Mit Ihrer Frage wollen Sie zwei Bereiche voneinander lösen, die unmittelbar ineinander verwoben sind. Spricht die Bibel vom "Reich der Himmel", dann leiht sie sich Worte und Bilder vom Alltag, mit denen sie Ewiges an irdischen Beispielen sichtbar macht. Irdisches und ewiges Leben sind, besonders in Jesu Rede vom Himmelreich, aufeinander bezogen. Jesu Verkündigung spricht vom nahen Gottesreich und das Reich der Himmel wird in der Regel mit Gleichnissen, die aus dem Leben gegriffen sind, erläutert. "Denn das Himmelreich gleicht einem Hausherrn, der früh am Morgen ausging, um Arbeiter anzuwerben für seinen Weinberg", beginnt Jesus eins dieser Gleichnisse (Matthäus 20,1-15). Und er schließt mit dem Satz: "Ich will aber diesem Letzten dasselbe geben wie dir." Ewiges Leben ist also voller Gnade, gerade für die Menschen, die es - aus menschlicher Sicht - nicht verdient haben. Und zu dem Menschen, der gleichzeitig mit Jesus stirbt, sagt er: "Wahrlich, ich sage dir: Heute wirst du mit mir im Paradies sein." (Lukas 23,43) Ewiges Leben ist eine Sphäre, die nicht von Exklusivität geprägt ist, sondern ausdrücklich eine lebenswerte Weite öffnet.

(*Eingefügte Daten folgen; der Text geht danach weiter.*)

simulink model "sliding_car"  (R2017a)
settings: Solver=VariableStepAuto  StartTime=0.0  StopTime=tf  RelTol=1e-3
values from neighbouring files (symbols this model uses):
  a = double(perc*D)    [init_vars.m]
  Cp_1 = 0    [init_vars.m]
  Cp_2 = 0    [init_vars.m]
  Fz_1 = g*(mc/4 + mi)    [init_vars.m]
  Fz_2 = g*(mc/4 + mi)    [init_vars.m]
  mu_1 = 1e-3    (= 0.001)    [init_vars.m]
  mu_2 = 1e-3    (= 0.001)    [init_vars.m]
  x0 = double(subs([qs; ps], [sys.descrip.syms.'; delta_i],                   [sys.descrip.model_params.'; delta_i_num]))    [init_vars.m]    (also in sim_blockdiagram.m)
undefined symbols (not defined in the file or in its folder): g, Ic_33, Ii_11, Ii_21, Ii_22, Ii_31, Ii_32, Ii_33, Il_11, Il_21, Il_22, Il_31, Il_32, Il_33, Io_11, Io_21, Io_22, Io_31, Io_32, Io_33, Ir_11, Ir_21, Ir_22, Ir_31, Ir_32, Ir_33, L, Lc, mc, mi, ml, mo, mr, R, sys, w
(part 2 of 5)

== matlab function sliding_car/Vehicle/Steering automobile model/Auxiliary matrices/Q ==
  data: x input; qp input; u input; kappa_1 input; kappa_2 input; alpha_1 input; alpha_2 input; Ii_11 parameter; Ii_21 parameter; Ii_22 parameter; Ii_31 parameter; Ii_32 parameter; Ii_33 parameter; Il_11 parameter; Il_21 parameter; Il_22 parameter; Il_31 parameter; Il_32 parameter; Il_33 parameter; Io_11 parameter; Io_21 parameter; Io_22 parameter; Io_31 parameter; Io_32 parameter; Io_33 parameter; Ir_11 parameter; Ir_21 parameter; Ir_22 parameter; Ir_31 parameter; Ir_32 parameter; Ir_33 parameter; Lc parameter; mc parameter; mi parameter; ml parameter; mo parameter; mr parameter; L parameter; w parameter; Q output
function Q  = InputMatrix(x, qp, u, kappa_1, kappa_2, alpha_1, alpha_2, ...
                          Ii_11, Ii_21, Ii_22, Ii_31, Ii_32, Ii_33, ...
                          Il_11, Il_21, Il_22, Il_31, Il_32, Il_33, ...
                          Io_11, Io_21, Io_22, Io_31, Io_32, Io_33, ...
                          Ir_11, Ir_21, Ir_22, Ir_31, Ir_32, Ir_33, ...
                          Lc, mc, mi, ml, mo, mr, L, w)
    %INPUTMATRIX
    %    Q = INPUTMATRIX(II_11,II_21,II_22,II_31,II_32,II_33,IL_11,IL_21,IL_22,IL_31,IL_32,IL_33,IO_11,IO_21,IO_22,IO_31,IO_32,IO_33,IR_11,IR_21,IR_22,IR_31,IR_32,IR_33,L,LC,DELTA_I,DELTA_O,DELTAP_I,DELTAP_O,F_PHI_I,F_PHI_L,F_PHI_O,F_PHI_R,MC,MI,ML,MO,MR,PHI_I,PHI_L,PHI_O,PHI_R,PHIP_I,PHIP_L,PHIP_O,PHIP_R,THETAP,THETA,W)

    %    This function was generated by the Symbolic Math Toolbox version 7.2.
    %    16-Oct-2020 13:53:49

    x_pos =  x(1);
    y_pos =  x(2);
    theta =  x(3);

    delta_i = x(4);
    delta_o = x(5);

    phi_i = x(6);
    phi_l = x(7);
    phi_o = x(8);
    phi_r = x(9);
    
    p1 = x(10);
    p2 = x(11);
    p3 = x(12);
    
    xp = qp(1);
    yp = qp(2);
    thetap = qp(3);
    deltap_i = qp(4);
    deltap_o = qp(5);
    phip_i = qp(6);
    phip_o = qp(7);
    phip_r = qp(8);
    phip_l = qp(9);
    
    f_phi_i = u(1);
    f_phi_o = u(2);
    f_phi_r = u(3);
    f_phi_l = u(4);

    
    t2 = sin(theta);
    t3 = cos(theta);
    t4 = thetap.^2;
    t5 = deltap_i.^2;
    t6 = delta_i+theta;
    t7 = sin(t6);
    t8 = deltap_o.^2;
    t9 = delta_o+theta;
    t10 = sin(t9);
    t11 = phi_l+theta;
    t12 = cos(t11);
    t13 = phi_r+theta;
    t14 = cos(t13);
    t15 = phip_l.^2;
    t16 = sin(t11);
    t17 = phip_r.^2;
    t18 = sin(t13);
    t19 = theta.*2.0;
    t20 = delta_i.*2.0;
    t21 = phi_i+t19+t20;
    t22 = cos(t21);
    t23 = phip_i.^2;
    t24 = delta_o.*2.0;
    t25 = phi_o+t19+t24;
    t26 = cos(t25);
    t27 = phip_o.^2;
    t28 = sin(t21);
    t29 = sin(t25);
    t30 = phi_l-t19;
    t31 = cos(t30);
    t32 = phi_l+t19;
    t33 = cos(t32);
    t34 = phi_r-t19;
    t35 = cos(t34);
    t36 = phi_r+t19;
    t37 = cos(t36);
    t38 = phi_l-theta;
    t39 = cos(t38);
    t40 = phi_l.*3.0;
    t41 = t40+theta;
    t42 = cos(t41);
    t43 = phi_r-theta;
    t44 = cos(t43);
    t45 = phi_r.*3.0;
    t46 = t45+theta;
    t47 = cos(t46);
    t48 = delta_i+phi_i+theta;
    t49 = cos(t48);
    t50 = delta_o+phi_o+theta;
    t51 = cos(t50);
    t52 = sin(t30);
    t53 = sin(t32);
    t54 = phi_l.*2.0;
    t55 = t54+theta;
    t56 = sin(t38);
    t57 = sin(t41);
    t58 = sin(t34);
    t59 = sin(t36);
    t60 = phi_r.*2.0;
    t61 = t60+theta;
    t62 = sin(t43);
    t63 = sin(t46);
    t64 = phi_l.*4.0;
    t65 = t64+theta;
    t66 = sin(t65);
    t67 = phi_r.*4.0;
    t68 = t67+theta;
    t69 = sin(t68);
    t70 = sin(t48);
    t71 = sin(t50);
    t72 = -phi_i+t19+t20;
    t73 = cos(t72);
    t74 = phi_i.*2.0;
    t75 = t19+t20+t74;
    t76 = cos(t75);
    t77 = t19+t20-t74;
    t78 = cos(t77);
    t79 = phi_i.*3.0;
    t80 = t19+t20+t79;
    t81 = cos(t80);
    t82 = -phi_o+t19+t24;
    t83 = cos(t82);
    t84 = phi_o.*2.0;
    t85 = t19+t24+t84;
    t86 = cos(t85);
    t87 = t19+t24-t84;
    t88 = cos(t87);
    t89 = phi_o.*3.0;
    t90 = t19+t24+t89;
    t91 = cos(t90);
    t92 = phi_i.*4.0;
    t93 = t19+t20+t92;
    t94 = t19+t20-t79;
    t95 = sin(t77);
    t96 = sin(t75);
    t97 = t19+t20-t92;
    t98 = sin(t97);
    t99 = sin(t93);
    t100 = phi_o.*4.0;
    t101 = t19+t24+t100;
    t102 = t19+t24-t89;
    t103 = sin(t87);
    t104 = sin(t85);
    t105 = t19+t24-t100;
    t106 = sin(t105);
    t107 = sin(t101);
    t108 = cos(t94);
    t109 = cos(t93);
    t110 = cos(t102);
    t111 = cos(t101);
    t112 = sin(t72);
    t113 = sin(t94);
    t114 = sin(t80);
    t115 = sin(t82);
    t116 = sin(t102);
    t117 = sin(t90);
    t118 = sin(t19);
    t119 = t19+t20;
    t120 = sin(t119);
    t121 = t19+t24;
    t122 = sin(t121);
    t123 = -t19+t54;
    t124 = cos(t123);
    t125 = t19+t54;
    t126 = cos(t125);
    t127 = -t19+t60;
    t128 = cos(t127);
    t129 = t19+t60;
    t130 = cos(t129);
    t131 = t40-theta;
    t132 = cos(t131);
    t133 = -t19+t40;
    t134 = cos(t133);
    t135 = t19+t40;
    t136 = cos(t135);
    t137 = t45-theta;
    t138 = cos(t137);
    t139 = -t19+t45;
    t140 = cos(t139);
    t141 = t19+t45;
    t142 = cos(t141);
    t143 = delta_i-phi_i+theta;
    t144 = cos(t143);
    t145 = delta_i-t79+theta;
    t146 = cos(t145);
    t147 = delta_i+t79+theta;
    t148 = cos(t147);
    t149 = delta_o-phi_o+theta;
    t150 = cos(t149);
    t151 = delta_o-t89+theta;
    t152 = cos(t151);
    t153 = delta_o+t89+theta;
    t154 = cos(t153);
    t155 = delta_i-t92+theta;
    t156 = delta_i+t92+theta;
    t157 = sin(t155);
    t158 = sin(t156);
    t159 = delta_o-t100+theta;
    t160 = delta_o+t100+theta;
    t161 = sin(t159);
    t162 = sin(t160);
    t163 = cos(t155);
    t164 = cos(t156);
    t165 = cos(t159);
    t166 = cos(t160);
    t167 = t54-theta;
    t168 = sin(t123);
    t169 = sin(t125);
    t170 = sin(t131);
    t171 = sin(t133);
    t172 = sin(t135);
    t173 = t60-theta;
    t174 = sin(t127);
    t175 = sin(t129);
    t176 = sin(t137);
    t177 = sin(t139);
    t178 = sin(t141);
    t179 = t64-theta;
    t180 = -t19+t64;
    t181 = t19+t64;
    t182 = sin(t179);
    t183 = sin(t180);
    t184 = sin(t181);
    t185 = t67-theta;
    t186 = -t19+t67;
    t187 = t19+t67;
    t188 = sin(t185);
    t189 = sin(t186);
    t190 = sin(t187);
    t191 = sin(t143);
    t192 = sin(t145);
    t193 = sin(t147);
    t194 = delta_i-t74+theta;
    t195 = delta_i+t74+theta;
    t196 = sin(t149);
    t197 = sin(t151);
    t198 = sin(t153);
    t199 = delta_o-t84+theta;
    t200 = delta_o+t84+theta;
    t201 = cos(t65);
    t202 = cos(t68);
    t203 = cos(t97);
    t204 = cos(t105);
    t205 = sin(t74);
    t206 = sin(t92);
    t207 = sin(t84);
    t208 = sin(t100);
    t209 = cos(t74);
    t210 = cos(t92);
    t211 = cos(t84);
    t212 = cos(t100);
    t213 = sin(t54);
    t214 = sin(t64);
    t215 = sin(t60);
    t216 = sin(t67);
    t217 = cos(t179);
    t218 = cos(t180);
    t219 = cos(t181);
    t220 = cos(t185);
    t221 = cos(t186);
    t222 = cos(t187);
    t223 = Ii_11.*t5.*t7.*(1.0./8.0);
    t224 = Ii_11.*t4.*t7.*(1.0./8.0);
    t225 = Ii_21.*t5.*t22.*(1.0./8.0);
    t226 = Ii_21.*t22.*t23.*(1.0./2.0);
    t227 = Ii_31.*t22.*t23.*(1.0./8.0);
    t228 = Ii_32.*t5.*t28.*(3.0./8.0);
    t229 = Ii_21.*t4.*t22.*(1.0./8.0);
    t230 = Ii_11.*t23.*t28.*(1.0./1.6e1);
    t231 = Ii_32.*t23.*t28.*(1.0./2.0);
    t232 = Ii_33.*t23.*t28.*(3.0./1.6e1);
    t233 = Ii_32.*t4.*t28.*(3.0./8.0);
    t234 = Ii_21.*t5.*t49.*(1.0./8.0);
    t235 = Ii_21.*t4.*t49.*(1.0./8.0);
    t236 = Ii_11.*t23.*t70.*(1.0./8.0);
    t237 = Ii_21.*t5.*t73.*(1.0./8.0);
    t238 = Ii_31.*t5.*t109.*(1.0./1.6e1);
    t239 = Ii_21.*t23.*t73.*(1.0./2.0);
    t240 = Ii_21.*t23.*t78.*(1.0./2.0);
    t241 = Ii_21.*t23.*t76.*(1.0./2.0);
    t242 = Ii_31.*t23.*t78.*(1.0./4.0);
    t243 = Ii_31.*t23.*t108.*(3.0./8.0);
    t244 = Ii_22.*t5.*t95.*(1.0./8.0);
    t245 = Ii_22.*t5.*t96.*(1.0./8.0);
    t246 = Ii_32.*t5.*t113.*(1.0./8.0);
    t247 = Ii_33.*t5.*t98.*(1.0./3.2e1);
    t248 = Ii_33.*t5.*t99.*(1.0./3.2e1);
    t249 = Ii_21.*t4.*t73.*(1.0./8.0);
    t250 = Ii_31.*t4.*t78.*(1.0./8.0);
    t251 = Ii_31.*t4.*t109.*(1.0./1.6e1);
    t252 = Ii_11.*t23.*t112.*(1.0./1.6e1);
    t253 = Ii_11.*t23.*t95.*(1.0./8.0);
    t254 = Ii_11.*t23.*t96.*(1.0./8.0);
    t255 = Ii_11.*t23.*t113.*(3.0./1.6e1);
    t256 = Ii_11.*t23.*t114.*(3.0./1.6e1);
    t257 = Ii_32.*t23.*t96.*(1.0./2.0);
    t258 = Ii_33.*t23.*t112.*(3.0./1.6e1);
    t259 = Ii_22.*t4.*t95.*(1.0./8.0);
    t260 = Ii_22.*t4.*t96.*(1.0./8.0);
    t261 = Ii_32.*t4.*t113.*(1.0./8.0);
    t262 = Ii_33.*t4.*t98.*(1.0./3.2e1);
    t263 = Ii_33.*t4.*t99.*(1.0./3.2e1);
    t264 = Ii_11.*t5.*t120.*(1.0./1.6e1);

Also bleibt die Frage: Was ist der Sinn meines Lebens? Antwort: Es gut zu machen! Zuerst denke ich an unsere Kinder, an unsere Ehe, Freundschaften, Kolleginnen und Kollegen. Ich lebe aus der Hoffnung, dass durch mein Leben das Leben der anderen Menschen etwas besser wird. Denn ich lebe ja auch davon, dass andere Menschen mein Leben besser machen, mir helfen, mir einen Sinn geben. Mein Leben ist ja von der Liebe und Sympathie anderer Menschen erfüllt, die tragen mich, geben mir Sinn. Und: Was wir in unserer Familie, im Dorf, der Kirche, in den beruflichen Zusammenhängen gemeinsam schaffen, stiftet anderen Menschen - hoffentlich - einen Sinn. Und Jesu Antwort an einen selbstzufriedenen Mann, der sich nur um sich selbst kümmert und seinen Reichtum im Blick hat, ist einfach: "Verkaufe alles, was du hast, und gib’s den Armen, so wirst du einen Schatz im Himmel haben, und komm und folge mir nach!" (Lukas 18,22) Das klingt rigoros, das ist an Klarheit nicht zu überbieten. Oder mit dem Theologen Dietrich Bonhoeffer gesagt: "Aller Sinn des Lebens ist erfüllt, wo Liebe ist."